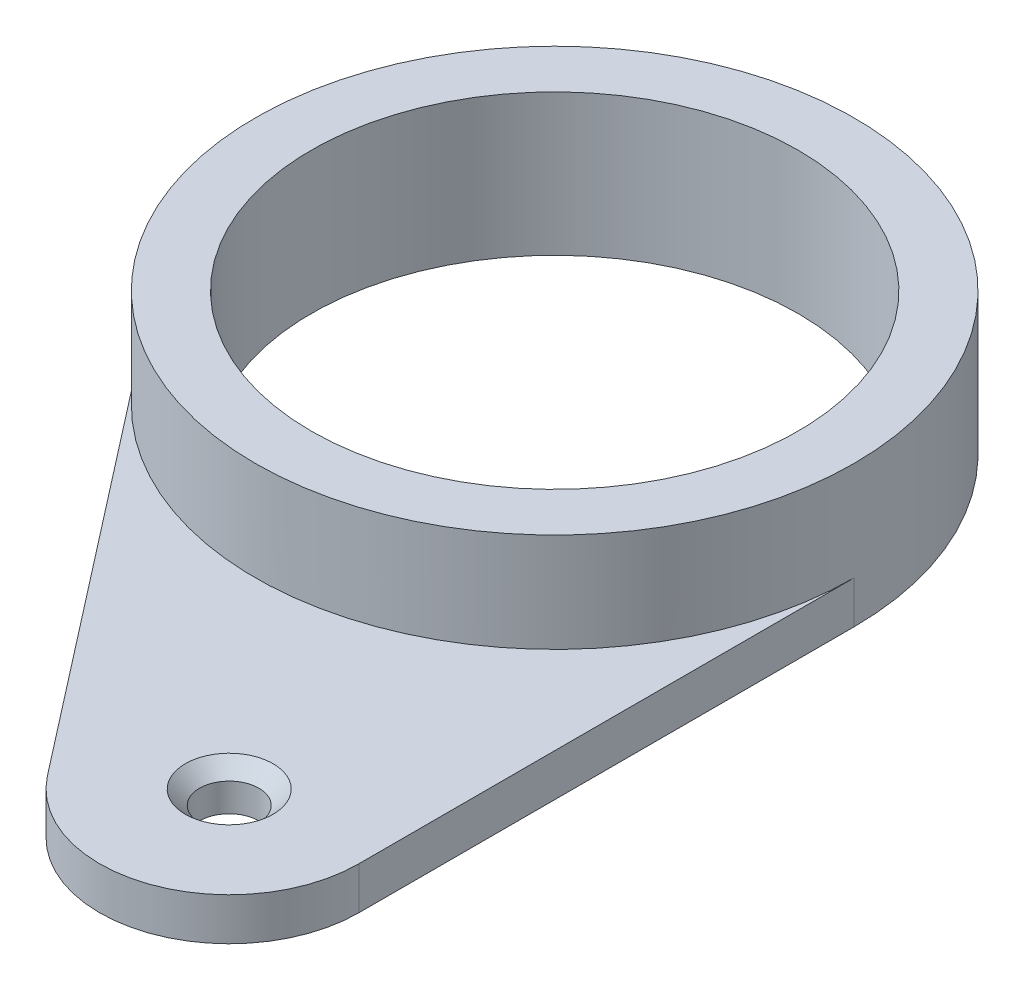
ISO-10303-21;
HEADER;
FILE_DESCRIPTION(('STEP AP214'),'2;1');
FILE_NAME('part.step','',(''),(''),'','','');
FILE_SCHEMA(('AUTOMOTIVE_DESIGN { 1 0 10303 214 1 1 1 1 }'));
ENDSEC;
DATA;
#1=APPLICATION_CONTEXT('core data for automotive mechanical design processes');
#2=APPLICATION_PROTOCOL_DEFINITION('international standard','automotive_design',2000,#1);
#3=PRODUCT_CONTEXT('',#1,'mechanical');
#4=PRODUCT('Part','Part','',(#3));
#5=PRODUCT_RELATED_PRODUCT_CATEGORY('part','',(#4));
#6=PRODUCT_DEFINITION_FORMATION('','',#4);
#7=PRODUCT_DEFINITION_CONTEXT('part definition',#1,'design');
#8=PRODUCT_DEFINITION('design','',#6,#7);
#9=PRODUCT_DEFINITION_SHAPE('','',#8);
#10=(LENGTH_UNIT() NAMED_UNIT(*) SI_UNIT(.MILLI.,.METRE.));
#11=(NAMED_UNIT(*) PLANE_ANGLE_UNIT() SI_UNIT($,.RADIAN.));
#12=(NAMED_UNIT(*) SI_UNIT($,.STERADIAN.) SOLID_ANGLE_UNIT());
#13=UNCERTAINTY_MEASURE_WITH_UNIT(LENGTH_MEASURE(1.E-05),#10,'distance_accuracy_value','');
#14=(GEOMETRIC_REPRESENTATION_CONTEXT(3) GLOBAL_UNCERTAINTY_ASSIGNED_CONTEXT((#13)) GLOBAL_UNIT_ASSIGNED_CONTEXT((#10,
#11,#12)) REPRESENTATION_CONTEXT('',''));
#15=CARTESIAN_POINT('',(0.,0.,0.));
#16=DIRECTION('',(0.,0.,1.));
#17=DIRECTION('',(1.,0.,0.));
#18=AXIS2_PLACEMENT_3D('',#15,#16,#17);
#19=CARTESIAN_POINT('',(-12.,3.,-35.));
#20=DIRECTION('',(0.,-1.,0.));
#21=DIRECTION('',(0.,0.,-1.));
#22=AXIS2_PLACEMENT_3D('',#19,#20,#21);
#23=CYLINDRICAL_SURFACE('',#22,21.1549715887557);
#24=CARTESIAN_POINT('',(-12.,0.,-35.));
#25=DIRECTION('',(0.,1.,0.));
#26=DIRECTION('',(0.,0.,1.));
#27=AXIS2_PLACEMENT_3D('',#24,#25,#26);
#28=CIRCLE('',#27,21.1549715887557);
#29=CARTESIAN_POINT('',(-29.2270529303201,0.,-22.7215037461011));
#30=VERTEX_POINT('',#29);
#31=CARTESIAN_POINT('',(9.15497158875568,0.,-35.));
#32=VERTEX_POINT('',#31);
#33=EDGE_CURVE('E124',#30,#32,#28,.F.);
#34=ORIENTED_EDGE('',*,*,#33,.F.);
#35=DIRECTION('',(0.,-1.,0.));
#36=VECTOR('',#35,1.);
#37=CARTESIAN_POINT('',(-29.2270529303201,3.,-22.7215037461011));
#38=LINE('',#37,#36);
#39=CARTESIAN_POINT('',(-29.2270529303201,3.,-22.7215037461011));
#40=VERTEX_POINT('',#39);
#41=EDGE_CURVE('E116',#40,#30,#38,.T.);
#42=ORIENTED_EDGE('',*,*,#41,.F.);
#43=CARTESIAN_POINT('',(-12.,3.,-35.));
#44=DIRECTION('',(0.,1.,0.));
#45=DIRECTION('',(0.,0.,1.));
#46=AXIS2_PLACEMENT_3D('',#43,#44,#45);
#47=CIRCLE('',#46,21.1549715887557);
#48=CARTESIAN_POINT('',(-28.1672346298479,3.,-21.3561974748786));
#49=VERTEX_POINT('',#48);
#50=EDGE_CURVE('E57',#40,#49,#47,.T.);
#51=ORIENTED_EDGE('',*,*,#50,.T.);
#52=CARTESIAN_POINT('',(9.15497158875568,3.,-35.));
#53=VERTEX_POINT('',#52);
#54=EDGE_CURVE('E11',#49,#53,#47,.T.);
#55=ORIENTED_EDGE('',*,*,#54,.T.);
#56=DIRECTION('',(0.,-1.,0.));
#57=VECTOR('',#56,1.);
#58=CARTESIAN_POINT('',(9.15497158875568,3.,-35.));
#59=LINE('',#58,#57);
#60=EDGE_CURVE('E91',#53,#32,#59,.T.);
#61=ORIENTED_EDGE('',*,*,#60,.T.);
#62=EDGE_LOOP('',(#34,#42,#51,#55,#61));
#63=FACE_BOUND('',#62,.T.);
#64=CARTESIAN_POINT('',(-12.,10.,-35.));
#65=DIRECTION('',(0.,1.,0.));
#66=DIRECTION('',(0.,0.,1.));
#67=AXIS2_PLACEMENT_3D('',#64,#65,#66);
#68=CIRCLE('',#67,21.1549715887557);
#69=CARTESIAN_POINT('',(-12.,10.,-13.8450284112443));
#70=VERTEX_POINT('',#69);
#71=EDGE_CURVE('E119',#70,#70,#68,.T.);
#72=ORIENTED_EDGE('',*,*,#71,.F.);
#73=EDGE_LOOP('',(#72));
#74=FACE_BOUND('',#73,.T.);
#75=ADVANCED_FACE('F45',(#63,#74),#23,.T.);
#76=CARTESIAN_POINT('',(-7.23184997063129,3.,5.61371987128001));
#77=DIRECTION('',(-0.789936910291845,0.,0.613188125911268));
#78=DIRECTION('',(0.613188125911268,0.,0.789936910291845));
#79=AXIS2_PLACEMENT_3D('',#76,#77,#78);
#80=PLANE('',#79);
#81=DIRECTION('',(-0.613188125911268,0.,-0.789936910291845));
#82=VECTOR('',#81,1.);
#83=CARTESIAN_POINT('',(-7.23184997063129,0.,5.61371987128001));
#84=LINE('',#83,#82);
#85=CARTESIAN_POINT('',(-7.23184997063129,0.,5.61371987128001));
#86=VERTEX_POINT('',#85);
#87=EDGE_CURVE('E136',#86,#30,#84,.T.);
#88=ORIENTED_EDGE('',*,*,#87,.F.);
#89=DIRECTION('',(0.,-1.,0.));
#90=VECTOR('',#89,1.);
#91=CARTESIAN_POINT('',(-7.23184997063129,3.,5.61371987128001));
#92=LINE('',#91,#90);
#93=CARTESIAN_POINT('',(-7.23184997063129,3.,5.61371987128001));
#94=VERTEX_POINT('',#93);
#95=EDGE_CURVE('E156',#94,#86,#92,.T.);
#96=ORIENTED_EDGE('',*,*,#95,.F.);
#97=DIRECTION('',(-0.613188125911268,0.,-0.789936910291845));
#98=VECTOR('',#97,1.);
#99=CARTESIAN_POINT('',(-7.23184997063129,3.,5.61371987128001));
#100=LINE('',#99,#98);
#101=EDGE_CURVE('E129',#94,#49,#100,.T.);
#102=ORIENTED_EDGE('',*,*,#101,.T.);
#103=EDGE_CURVE('E96',#49,#40,#100,.T.);
#104=ORIENTED_EDGE('',*,*,#103,.T.);
#105=ORIENTED_EDGE('',*,*,#41,.T.);
#106=EDGE_LOOP('',(#88,#96,#102,#104,#105));
#107=FACE_BOUND('',#106,.T.);
#108=ADVANCED_FACE('F183',(#107),#80,.T.);
#109=CARTESIAN_POINT('',(0.,3.,0.));
#110=DIRECTION('',(0.,-1.,0.));
#111=DIRECTION('',(0.,0.,-1.));
#112=AXIS2_PLACEMENT_3D('',#109,#110,#111);
#113=CYLINDRICAL_SURFACE('',#112,9.15497158875568);
#114=CARTESIAN_POINT('',(0.,0.,0.));
#115=DIRECTION('',(0.,1.,0.));
#116=DIRECTION('',(0.,0.,1.));
#117=AXIS2_PLACEMENT_3D('',#114,#115,#116);
#118=CIRCLE('',#117,9.15497158875568);
#119=CARTESIAN_POINT('',(9.15497158875568,0.,0.));
#120=VERTEX_POINT('',#119);
#121=EDGE_CURVE('E140',#120,#86,#118,.F.);
#122=ORIENTED_EDGE('',*,*,#121,.F.);
#123=DIRECTION('',(0.,-1.,0.));
#124=VECTOR('',#123,1.);
#125=CARTESIAN_POINT('',(9.15497158875568,3.,0.));
#126=LINE('',#125,#124);
#127=CARTESIAN_POINT('',(9.15497158875568,3.,0.));
#128=VERTEX_POINT('',#127);
#129=EDGE_CURVE('E71',#128,#120,#126,.T.);
#130=ORIENTED_EDGE('',*,*,#129,.F.);
#131=CARTESIAN_POINT('',(0.,3.,0.));
#132=DIRECTION('',(0.,1.,0.));
#133=DIRECTION('',(0.,0.,1.));
#134=AXIS2_PLACEMENT_3D('',#131,#132,#133);
#135=CIRCLE('',#134,9.15497158875568);
#136=EDGE_CURVE('E110',#128,#94,#135,.F.);
#137=ORIENTED_EDGE('',*,*,#136,.T.);
#138=ORIENTED_EDGE('',*,*,#95,.T.);
#139=EDGE_LOOP('',(#122,#130,#137,#138));
#140=FACE_BOUND('',#139,.T.);
#141=ADVANCED_FACE('F187',(#140),#113,.T.);
#142=CARTESIAN_POINT('',(-12.,3.,-35.));
#143=DIRECTION('',(0.,-1.,0.));
#144=DIRECTION('',(0.,0.,-1.));
#145=AXIS2_PLACEMENT_3D('',#142,#143,#144);
#146=CYLINDRICAL_SURFACE('',#145,17.2);
#147=CARTESIAN_POINT('',(-12.,0.,-35.));
#148=DIRECTION('',(0.,1.,0.));
#149=DIRECTION('',(0.,0.,1.));
#150=AXIS2_PLACEMENT_3D('',#147,#148,#149);
#151=CIRCLE('',#150,17.2);
#152=CARTESIAN_POINT('',(-12.,0.,-17.8));
#153=VERTEX_POINT('',#152);
#154=EDGE_CURVE('E146',#153,#153,#151,.T.);
#155=ORIENTED_EDGE('',*,*,#154,.F.);
#156=EDGE_LOOP('',(#155));
#157=FACE_BOUND('',#156,.T.);
#158=CARTESIAN_POINT('',(-12.,10.,-35.));
#159=DIRECTION('',(0.,1.,0.));
#160=DIRECTION('',(0.,0.,1.));
#161=AXIS2_PLACEMENT_3D('',#158,#159,#160);
#162=CIRCLE('',#161,17.2);
#163=CARTESIAN_POINT('',(-12.,10.,-17.8));
#164=VERTEX_POINT('',#163);
#165=EDGE_CURVE('E120',#164,#164,#162,.T.);
#166=ORIENTED_EDGE('',*,*,#165,.T.);
#167=EDGE_LOOP('',(#166));
#168=FACE_BOUND('',#167,.T.);
#169=ADVANCED_FACE('F192',(#157,#168),#146,.F.);
#170=CARTESIAN_POINT('',(9.15497158875568,3.,0.));
#171=DIRECTION('',(-1.,0.,0.));
#172=DIRECTION('',(0.,0.,1.));
#173=AXIS2_PLACEMENT_3D('',#170,#171,#172);
#174=PLANE('',#173);
#175=DIRECTION('',(0.,0.,-1.));
#176=VECTOR('',#175,1.);
#177=CARTESIAN_POINT('',(9.15497158875568,0.,0.));
#178=LINE('',#177,#176);
#179=EDGE_CURVE('E104',#120,#32,#178,.T.);
#180=ORIENTED_EDGE('',*,*,#179,.T.);
#181=ORIENTED_EDGE('',*,*,#60,.F.);
#182=DIRECTION('',(0.,0.,-1.));
#183=VECTOR('',#182,1.);
#184=CARTESIAN_POINT('',(9.15497158875568,3.,0.));
#185=LINE('',#184,#183);
#186=EDGE_CURVE('E101',#128,#53,#185,.T.);
#187=ORIENTED_EDGE('',*,*,#186,.F.);
#188=ORIENTED_EDGE('',*,*,#129,.T.);
#189=EDGE_LOOP('',(#180,#181,#187,#188));
#190=FACE_BOUND('',#189,.T.);
#191=ADVANCED_FACE('F100',(#190),#174,.F.);
#192=CARTESIAN_POINT('',(0.,3.,0.));
#193=DIRECTION('',(0.,-1.,0.));
#194=DIRECTION('',(0.,0.,-1.));
#195=AXIS2_PLACEMENT_3D('',#192,#193,#194);
#196=CYLINDRICAL_SURFACE('',#195,2.1);
#197=CARTESIAN_POINT('',(0.,1.99999999999999,0.));
#198=DIRECTION('',(0.,1.,0.));
#199=DIRECTION('',(0.,0.,1.));
#200=AXIS2_PLACEMENT_3D('',#197,#198,#199);
#201=CIRCLE('',#200,2.1);
#202=CARTESIAN_POINT('',(0.,1.99999999999999,2.1));
#203=VERTEX_POINT('',#202);
#204=EDGE_CURVE('E160',#203,#203,#201,.T.);
#205=ORIENTED_EDGE('',*,*,#204,.T.);
#206=EDGE_LOOP('',(#205));
#207=FACE_BOUND('',#206,.T.);
#208=CARTESIAN_POINT('',(0.,0.,0.));
#209=DIRECTION('',(0.,1.,0.));
#210=DIRECTION('',(0.,0.,1.));
#211=AXIS2_PLACEMENT_3D('',#208,#209,#210);
#212=CIRCLE('',#211,2.1);
#213=CARTESIAN_POINT('',(0.,0.,2.1));
#214=VERTEX_POINT('',#213);
#215=EDGE_CURVE('E150',#214,#214,#212,.T.);
#216=ORIENTED_EDGE('',*,*,#215,.F.);
#217=EDGE_LOOP('',(#216));
#218=FACE_BOUND('',#217,.T.);
#219=ADVANCED_FACE('F195',(#207,#218),#196,.F.);
#220=CARTESIAN_POINT('',(0.,3.,0.));
#221=DIRECTION('',(0.,1.,0.));
#222=DIRECTION('',(0.,0.,1.));
#223=AXIS2_PLACEMENT_3D('',#220,#221,#222);
#224=PLANE('',#223);
#225=ORIENTED_EDGE('',*,*,#54,.F.);
#226=ORIENTED_EDGE('',*,*,#101,.F.);
#227=ORIENTED_EDGE('',*,*,#136,.F.);
#228=ORIENTED_EDGE('',*,*,#186,.T.);
#229=EDGE_LOOP('',(#225,#226,#227,#228));
#230=FACE_BOUND('',#229,.T.);
#231=CARTESIAN_POINT('',(0.,3.,0.));
#232=DIRECTION('',(0.,1.,0.));
#233=DIRECTION('',(0.,0.,1.));
#234=AXIS2_PLACEMENT_3D('',#231,#232,#233);
#235=CIRCLE('',#234,3.10000000000001);
#236=CARTESIAN_POINT('',(0.,3.,3.10000000000001));
#237=VERTEX_POINT('',#236);
#238=EDGE_CURVE('E50',#237,#237,#235,.F.);
#239=ORIENTED_EDGE('',*,*,#238,.T.);
#240=EDGE_LOOP('',(#239));
#241=FACE_BOUND('',#240,.T.);
#242=ADVANCED_FACE('F108',(#230,#241),#224,.T.);
#243=CARTESIAN_POINT('',(0.,0.,0.));
#244=DIRECTION('',(0.,1.,0.));
#245=DIRECTION('',(0.,0.,1.));
#246=AXIS2_PLACEMENT_3D('',#243,#244,#245);
#247=PLANE('',#246);
#248=ORIENTED_EDGE('',*,*,#33,.T.);
#249=ORIENTED_EDGE('',*,*,#179,.F.);
#250=ORIENTED_EDGE('',*,*,#121,.T.);
#251=ORIENTED_EDGE('',*,*,#87,.T.);
#252=EDGE_LOOP('',(#248,#249,#250,#251));
#253=FACE_BOUND('',#252,.T.);
#254=ORIENTED_EDGE('',*,*,#154,.T.);
#255=EDGE_LOOP('',(#254));
#256=FACE_BOUND('',#255,.T.);
#257=ORIENTED_EDGE('',*,*,#215,.T.);
#258=EDGE_LOOP('',(#257));
#259=FACE_BOUND('',#258,.T.);
#260=ADVANCED_FACE('F172',(#253,#256,#259),#247,.F.);
#261=CARTESIAN_POINT('',(0.,1.99999999999999,0.));
#262=DIRECTION('',(0.,1.,0.));
#263=DIRECTION('',(0.,0.,1.));
#264=AXIS2_PLACEMENT_3D('',#261,#262,#263);
#265=CONICAL_SURFACE('',#264,2.1,0.785398163397452);
#266=ORIENTED_EDGE('',*,*,#238,.F.);
#267=EDGE_LOOP('',(#266));
#268=FACE_BOUND('',#267,.T.);
#269=ORIENTED_EDGE('',*,*,#204,.F.);
#270=EDGE_LOOP('',(#269));
#271=FACE_BOUND('',#270,.T.);
#272=ADVANCED_FACE('F48',(#268,#271),#265,.F.);
#273=CARTESIAN_POINT('',(-12.,10.,-35.));
#274=DIRECTION('',(0.,1.,0.));
#275=DIRECTION('',(0.,0.,1.));
#276=AXIS2_PLACEMENT_3D('',#273,#274,#275);
#277=PLANE('',#276);
#278=ORIENTED_EDGE('',*,*,#71,.T.);
#279=EDGE_LOOP('',(#278));
#280=FACE_BOUND('',#279,.T.);
#281=ORIENTED_EDGE('',*,*,#165,.F.);
#282=EDGE_LOOP('',(#281));
#283=FACE_BOUND('',#282,.T.);
#284=ADVANCED_FACE('F171',(#280,#283),#277,.T.);
#285=CARTESIAN_POINT('',(-12.,3.,-35.));
#286=DIRECTION('',(0.,1.,0.));
#287=DIRECTION('',(0.,0.,1.));
#288=AXIS2_PLACEMENT_3D('',#285,#286,#287);
#289=PLANE('',#288);
#290=ORIENTED_EDGE('',*,*,#103,.F.);
#291=ORIENTED_EDGE('',*,*,#50,.F.);
#292=EDGE_LOOP('',(#290,#291));
#293=FACE_BOUND('',#292,.T.);
#294=ADVANCED_FACE('F177',(#293),#289,.F.);
#295=CLOSED_SHELL('',(#75,#108,#141,#169,#191,#219,#242,#260,#272,#284,#294));
#296=MANIFOLD_SOLID_BREP('B2',#295);
#297=ADVANCED_BREP_SHAPE_REPRESENTATION('',(#18,#296),#14);
#298=SHAPE_DEFINITION_REPRESENTATION(#9,#297);
ENDSEC;
END-ISO-10303-21;

☆ ☆ ☆ ☆ ☆ ☆ ☆

» **TASK DESCRIPTION**
In the listing above, find the line with "#1=APPLICATION_CONTEXT('core data for" and the line with "#16=DIRECTION('',(0.,0.,1.));", then reproduce both and every line between them exactly.

» **THE COMPLETED TASK**
#1=APPLICATION_CONTEXT('core data for automotive mechanical design processes');
#2=APPLICATION_PROTOCOL_DEFINITION('international standard','automotive_design',2000,#1);
#3=PRODUCT_CONTEXT('',#1,'mechanical');
#4=PRODUCT('Part','Part','',(#3));
#5=PRODUCT_RELATED_PRODUCT_CATEGORY('part','',(#4));
#6=PRODUCT_DEFINITION_FORMATION('','',#4);
#7=PRODUCT_DEFINITION_CONTEXT('part definition',#1,'design');
#8=PRODUCT_DEFINITION('design','',#6,#7);
#9=PRODUCT_DEFINITION_SHAPE('','',#8);
#10=(LENGTH_UNIT() NAMED_UNIT(*) SI_UNIT(.MILLI.,.METRE.));
#11=(NAMED_UNIT(*) PLANE_ANGLE_UNIT() SI_UNIT($,.RADIAN.));
#12=(NAMED_UNIT(*) SI_UNIT($,.STERADIAN.) SOLID_ANGLE_UNIT());
#13=UNCERTAINTY_MEASURE_WITH_UNIT(LENGTH_MEASURE(1.E-05),#10,'distance_accuracy_value','');
#14=(GEOMETRIC_REPRESENTATION_CONTEXT(3) GLOBAL_UNCERTAINTY_ASSIGNED_CONTEXT((#13)) GLOBAL_UNIT_ASSIGNED_CONTEXT((#10,
#11,#12)) REPRESENTATION_CONTEXT('',''));
#15=CARTESIAN_POINT('',(0.,0.,0.));
#16=DIRECTION('',(0.,0.,1.));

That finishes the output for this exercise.